Cubans Rally For UN Help port

The Cuban Embassy in Phnom Penh has launched a news of­fen­­sive in preparation for a UN General As­sem­bly vote on a resolution calling for the US to lift its ec­onomic blockade on Cuba.

The US im­posed the blockade on the island nation after Com­munist rev­olutionaries, led by Fidel Castro and Che Gue­vara, toppled the US-backed capitalist re­gime of Ful­gencio Ba­tista in 1959.

Cuban Ambassador Nirsia Cas­tro Guevara said Thursday that she hoped that on Nov 4 UN member coun­­tries will vote overwhelmingly in support of the resolution, as they did in the UN General As­sembly vote on the resolution last year.

In the coming days, Cuban em­bas­sies around the world plan to hold news conferences condemning the US policy.

The news conference comes af­ter US President George W Bush’s Oct 10 speech announcing new economic restrictions and harsher punishments for US citizens or companies not complying with the blockade.

Reporters were treated to soda and sweet coffee as Cas­tro Gue­vara called the de­cades-old US pol­icy ridiculous and gen­ocidal.

For the assertion of ridiculousness, she cited, among other things, the seizure of a Cuban fruit-juice boat during a stopover in the US state of California, en route to Japan.

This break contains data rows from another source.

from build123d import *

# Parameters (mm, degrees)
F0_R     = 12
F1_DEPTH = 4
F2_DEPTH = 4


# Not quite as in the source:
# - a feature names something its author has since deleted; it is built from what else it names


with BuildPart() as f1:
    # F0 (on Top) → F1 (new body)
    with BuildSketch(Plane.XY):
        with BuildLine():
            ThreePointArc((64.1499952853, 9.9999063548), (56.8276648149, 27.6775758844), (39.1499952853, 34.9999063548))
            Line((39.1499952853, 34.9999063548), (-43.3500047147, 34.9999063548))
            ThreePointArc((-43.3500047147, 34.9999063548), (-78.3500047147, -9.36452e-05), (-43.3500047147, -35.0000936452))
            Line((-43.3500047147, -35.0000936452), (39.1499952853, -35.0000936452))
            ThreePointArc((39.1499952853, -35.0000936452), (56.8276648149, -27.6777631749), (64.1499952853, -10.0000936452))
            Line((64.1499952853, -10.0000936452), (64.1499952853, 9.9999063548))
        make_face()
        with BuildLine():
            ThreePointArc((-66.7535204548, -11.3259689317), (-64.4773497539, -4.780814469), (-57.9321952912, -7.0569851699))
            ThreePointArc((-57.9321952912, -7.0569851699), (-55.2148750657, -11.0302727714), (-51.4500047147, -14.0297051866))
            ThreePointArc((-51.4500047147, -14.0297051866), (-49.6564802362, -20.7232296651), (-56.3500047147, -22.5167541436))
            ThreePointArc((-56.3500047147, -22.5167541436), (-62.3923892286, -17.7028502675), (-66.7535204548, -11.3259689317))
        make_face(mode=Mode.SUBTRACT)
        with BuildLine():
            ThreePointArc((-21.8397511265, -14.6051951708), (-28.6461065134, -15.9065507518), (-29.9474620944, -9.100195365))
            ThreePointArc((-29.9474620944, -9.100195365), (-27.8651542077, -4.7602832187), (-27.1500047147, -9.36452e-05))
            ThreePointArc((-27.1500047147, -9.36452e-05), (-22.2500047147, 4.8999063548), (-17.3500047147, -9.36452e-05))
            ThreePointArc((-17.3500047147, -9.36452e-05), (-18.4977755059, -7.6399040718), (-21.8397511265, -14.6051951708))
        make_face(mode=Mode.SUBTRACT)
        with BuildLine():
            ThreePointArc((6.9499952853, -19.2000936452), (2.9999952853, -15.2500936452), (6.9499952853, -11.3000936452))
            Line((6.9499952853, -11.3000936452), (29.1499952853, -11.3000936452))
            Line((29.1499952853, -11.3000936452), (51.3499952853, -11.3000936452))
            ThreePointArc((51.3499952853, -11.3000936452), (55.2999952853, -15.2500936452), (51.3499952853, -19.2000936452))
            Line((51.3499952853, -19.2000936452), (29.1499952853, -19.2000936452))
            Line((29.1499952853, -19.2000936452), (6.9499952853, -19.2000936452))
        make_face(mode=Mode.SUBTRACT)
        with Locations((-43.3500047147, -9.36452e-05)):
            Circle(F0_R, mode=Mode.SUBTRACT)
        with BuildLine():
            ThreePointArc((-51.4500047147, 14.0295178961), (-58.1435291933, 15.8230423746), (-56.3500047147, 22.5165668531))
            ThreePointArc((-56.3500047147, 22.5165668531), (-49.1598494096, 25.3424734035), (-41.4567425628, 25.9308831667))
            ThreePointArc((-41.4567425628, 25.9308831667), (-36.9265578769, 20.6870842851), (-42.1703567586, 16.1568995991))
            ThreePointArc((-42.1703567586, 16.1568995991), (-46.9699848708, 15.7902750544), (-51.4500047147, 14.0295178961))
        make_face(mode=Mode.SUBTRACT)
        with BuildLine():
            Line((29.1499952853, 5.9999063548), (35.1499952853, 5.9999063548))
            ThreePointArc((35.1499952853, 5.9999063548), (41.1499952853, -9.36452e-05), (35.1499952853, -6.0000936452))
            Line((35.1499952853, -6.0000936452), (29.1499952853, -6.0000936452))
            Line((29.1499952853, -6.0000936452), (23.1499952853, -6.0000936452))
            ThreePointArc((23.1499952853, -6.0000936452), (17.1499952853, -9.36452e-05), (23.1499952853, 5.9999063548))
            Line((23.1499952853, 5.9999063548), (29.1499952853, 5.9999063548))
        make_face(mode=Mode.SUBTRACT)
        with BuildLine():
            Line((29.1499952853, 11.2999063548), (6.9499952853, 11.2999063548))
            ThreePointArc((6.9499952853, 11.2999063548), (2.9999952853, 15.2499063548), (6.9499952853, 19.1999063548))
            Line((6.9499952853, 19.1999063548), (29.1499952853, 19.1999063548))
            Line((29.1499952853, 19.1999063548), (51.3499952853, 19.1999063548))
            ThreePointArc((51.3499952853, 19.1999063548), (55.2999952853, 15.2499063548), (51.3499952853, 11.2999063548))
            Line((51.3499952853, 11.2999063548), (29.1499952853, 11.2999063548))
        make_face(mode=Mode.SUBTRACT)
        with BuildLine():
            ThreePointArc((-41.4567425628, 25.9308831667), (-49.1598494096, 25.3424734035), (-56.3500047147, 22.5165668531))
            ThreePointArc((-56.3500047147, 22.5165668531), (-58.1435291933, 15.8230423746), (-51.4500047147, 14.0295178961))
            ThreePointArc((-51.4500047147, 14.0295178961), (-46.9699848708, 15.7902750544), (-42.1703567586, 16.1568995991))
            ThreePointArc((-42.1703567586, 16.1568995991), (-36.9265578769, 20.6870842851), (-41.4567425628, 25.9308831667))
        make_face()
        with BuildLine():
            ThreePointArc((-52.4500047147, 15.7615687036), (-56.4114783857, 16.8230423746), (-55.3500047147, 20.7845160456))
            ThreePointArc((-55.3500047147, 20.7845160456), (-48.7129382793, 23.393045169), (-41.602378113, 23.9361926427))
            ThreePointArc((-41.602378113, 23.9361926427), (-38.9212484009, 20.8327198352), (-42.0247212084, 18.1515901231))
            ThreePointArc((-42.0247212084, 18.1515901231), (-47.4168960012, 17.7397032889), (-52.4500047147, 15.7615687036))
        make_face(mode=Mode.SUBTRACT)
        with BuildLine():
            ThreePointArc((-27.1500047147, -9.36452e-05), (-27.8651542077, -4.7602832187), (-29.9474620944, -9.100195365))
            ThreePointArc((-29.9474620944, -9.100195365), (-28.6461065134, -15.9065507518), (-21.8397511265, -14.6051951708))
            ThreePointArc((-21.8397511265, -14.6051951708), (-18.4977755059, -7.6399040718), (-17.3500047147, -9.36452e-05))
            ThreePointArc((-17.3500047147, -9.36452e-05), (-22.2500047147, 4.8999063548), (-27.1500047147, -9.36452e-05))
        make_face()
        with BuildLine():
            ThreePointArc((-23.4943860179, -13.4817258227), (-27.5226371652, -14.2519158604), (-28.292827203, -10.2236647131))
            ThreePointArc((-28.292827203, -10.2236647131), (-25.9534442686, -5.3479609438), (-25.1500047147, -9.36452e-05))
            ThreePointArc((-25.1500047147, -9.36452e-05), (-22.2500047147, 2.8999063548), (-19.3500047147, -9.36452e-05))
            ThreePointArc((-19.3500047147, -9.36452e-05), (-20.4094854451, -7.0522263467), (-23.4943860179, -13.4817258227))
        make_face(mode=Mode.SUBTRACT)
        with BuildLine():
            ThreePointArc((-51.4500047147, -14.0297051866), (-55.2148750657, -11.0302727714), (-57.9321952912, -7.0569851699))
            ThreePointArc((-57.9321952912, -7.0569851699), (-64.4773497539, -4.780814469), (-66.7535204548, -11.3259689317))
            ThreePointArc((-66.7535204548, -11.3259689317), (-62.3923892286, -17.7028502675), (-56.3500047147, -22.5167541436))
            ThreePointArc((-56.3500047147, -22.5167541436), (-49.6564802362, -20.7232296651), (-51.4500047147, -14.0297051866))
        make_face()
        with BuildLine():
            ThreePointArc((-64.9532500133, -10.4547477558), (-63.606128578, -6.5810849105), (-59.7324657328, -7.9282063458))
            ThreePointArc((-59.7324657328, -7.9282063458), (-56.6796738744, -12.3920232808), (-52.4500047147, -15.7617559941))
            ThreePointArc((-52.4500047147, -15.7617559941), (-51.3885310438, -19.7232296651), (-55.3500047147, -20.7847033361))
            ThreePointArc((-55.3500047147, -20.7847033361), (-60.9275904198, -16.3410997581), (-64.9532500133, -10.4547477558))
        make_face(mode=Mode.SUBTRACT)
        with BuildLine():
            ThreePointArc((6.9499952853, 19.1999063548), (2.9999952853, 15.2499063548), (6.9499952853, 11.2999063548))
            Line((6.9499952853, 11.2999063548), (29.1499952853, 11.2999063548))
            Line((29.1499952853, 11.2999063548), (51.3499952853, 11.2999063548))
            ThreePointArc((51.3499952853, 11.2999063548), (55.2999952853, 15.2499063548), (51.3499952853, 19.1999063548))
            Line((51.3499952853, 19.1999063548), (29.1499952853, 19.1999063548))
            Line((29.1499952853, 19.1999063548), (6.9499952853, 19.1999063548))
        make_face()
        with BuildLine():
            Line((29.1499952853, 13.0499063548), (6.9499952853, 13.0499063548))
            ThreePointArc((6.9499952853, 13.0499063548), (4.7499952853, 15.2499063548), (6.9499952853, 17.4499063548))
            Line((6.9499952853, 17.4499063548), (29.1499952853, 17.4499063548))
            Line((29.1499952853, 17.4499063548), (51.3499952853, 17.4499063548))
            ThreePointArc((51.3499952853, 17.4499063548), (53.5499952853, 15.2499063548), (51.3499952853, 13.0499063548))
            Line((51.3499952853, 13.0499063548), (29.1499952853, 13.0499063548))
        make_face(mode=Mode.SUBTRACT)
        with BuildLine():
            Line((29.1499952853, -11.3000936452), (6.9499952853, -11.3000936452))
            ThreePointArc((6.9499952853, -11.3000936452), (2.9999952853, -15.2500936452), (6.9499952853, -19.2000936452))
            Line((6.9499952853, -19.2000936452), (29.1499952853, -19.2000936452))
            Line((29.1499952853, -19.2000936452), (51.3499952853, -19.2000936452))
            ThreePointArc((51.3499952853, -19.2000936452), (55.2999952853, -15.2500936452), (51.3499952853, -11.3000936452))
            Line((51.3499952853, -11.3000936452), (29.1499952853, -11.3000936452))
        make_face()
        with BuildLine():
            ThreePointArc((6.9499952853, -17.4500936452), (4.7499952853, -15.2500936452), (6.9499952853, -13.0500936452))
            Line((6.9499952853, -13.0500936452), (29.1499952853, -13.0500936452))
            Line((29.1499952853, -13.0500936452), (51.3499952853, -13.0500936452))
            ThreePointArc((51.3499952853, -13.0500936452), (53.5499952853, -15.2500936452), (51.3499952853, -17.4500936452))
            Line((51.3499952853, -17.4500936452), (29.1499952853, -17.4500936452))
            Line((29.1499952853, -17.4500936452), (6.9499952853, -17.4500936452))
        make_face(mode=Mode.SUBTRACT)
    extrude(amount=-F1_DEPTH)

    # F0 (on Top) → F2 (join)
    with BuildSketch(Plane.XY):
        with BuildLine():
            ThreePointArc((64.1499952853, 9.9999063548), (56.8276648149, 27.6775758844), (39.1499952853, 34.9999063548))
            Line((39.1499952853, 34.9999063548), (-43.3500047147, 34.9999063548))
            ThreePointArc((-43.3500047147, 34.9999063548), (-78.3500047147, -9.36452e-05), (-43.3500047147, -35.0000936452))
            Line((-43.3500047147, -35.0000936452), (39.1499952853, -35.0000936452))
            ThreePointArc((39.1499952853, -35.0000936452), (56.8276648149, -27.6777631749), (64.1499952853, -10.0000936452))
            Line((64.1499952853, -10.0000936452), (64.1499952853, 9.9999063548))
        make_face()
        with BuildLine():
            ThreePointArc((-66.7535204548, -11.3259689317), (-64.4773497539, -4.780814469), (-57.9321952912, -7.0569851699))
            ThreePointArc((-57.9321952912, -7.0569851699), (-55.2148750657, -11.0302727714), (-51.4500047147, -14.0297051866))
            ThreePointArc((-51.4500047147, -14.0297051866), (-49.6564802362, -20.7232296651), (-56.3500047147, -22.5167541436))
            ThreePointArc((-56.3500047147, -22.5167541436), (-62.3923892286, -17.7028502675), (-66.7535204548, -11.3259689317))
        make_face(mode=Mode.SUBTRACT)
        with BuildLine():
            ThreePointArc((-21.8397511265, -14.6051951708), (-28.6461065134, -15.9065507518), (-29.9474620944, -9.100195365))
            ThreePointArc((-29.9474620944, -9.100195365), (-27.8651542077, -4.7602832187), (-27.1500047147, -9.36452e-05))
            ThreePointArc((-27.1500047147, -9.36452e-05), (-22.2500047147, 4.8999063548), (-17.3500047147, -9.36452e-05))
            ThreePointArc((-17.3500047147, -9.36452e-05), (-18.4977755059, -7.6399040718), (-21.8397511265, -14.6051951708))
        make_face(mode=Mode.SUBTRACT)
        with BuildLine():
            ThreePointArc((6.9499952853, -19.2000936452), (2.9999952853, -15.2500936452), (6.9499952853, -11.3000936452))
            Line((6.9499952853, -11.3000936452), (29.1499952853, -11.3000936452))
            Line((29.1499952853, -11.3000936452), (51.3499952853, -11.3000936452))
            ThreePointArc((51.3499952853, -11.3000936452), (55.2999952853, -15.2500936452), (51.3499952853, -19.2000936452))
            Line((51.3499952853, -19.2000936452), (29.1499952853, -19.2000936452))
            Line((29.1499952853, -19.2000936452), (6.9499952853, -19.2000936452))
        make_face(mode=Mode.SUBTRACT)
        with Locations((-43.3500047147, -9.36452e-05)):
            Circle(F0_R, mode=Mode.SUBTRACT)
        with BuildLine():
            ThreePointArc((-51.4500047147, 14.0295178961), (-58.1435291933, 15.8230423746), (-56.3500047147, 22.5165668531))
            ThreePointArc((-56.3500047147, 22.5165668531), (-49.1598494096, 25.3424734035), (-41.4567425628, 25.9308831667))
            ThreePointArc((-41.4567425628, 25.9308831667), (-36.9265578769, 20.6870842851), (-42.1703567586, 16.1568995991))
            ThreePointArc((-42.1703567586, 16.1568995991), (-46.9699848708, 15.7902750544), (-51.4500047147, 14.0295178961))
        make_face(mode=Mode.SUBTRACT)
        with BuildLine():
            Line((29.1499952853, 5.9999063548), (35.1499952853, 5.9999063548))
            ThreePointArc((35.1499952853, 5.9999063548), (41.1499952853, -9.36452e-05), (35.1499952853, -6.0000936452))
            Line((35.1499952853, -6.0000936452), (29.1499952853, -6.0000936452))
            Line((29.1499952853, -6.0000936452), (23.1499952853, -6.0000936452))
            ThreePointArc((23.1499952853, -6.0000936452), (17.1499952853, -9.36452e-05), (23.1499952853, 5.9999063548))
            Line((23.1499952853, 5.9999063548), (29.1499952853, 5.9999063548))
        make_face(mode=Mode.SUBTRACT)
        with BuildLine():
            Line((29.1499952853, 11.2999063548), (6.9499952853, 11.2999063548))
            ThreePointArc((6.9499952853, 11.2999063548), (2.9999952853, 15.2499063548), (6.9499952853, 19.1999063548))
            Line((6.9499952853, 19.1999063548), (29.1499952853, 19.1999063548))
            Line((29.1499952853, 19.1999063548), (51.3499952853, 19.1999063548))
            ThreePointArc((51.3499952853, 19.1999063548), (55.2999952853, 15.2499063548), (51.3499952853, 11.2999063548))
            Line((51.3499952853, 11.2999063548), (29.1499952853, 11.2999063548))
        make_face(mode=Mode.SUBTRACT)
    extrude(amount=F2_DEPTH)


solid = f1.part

For the assertion of genocide, she provided a July UN re­port on Cuba. The report calculated a 44-year total of more than $72 billion in econom­ic damages spurred by the blockade.

Castro Guevara said that Cuba was a natural business partner for the US, but “the powerful US media and the Cuban-American ma­fia in South Florida have de­mon­ized the Cuban political system that the Cuban people have free­ly chosen.”

A US Embassy official, who de­clined to be named, said the Cu­ban Embassy made two mistakes in its Thursday news conference.

“That they would think that the US would care about [the UN res­­olution] anyway is not very realistic,” the official said. “And that they would talk about it in Cambodia is sort of like one hand clapping.”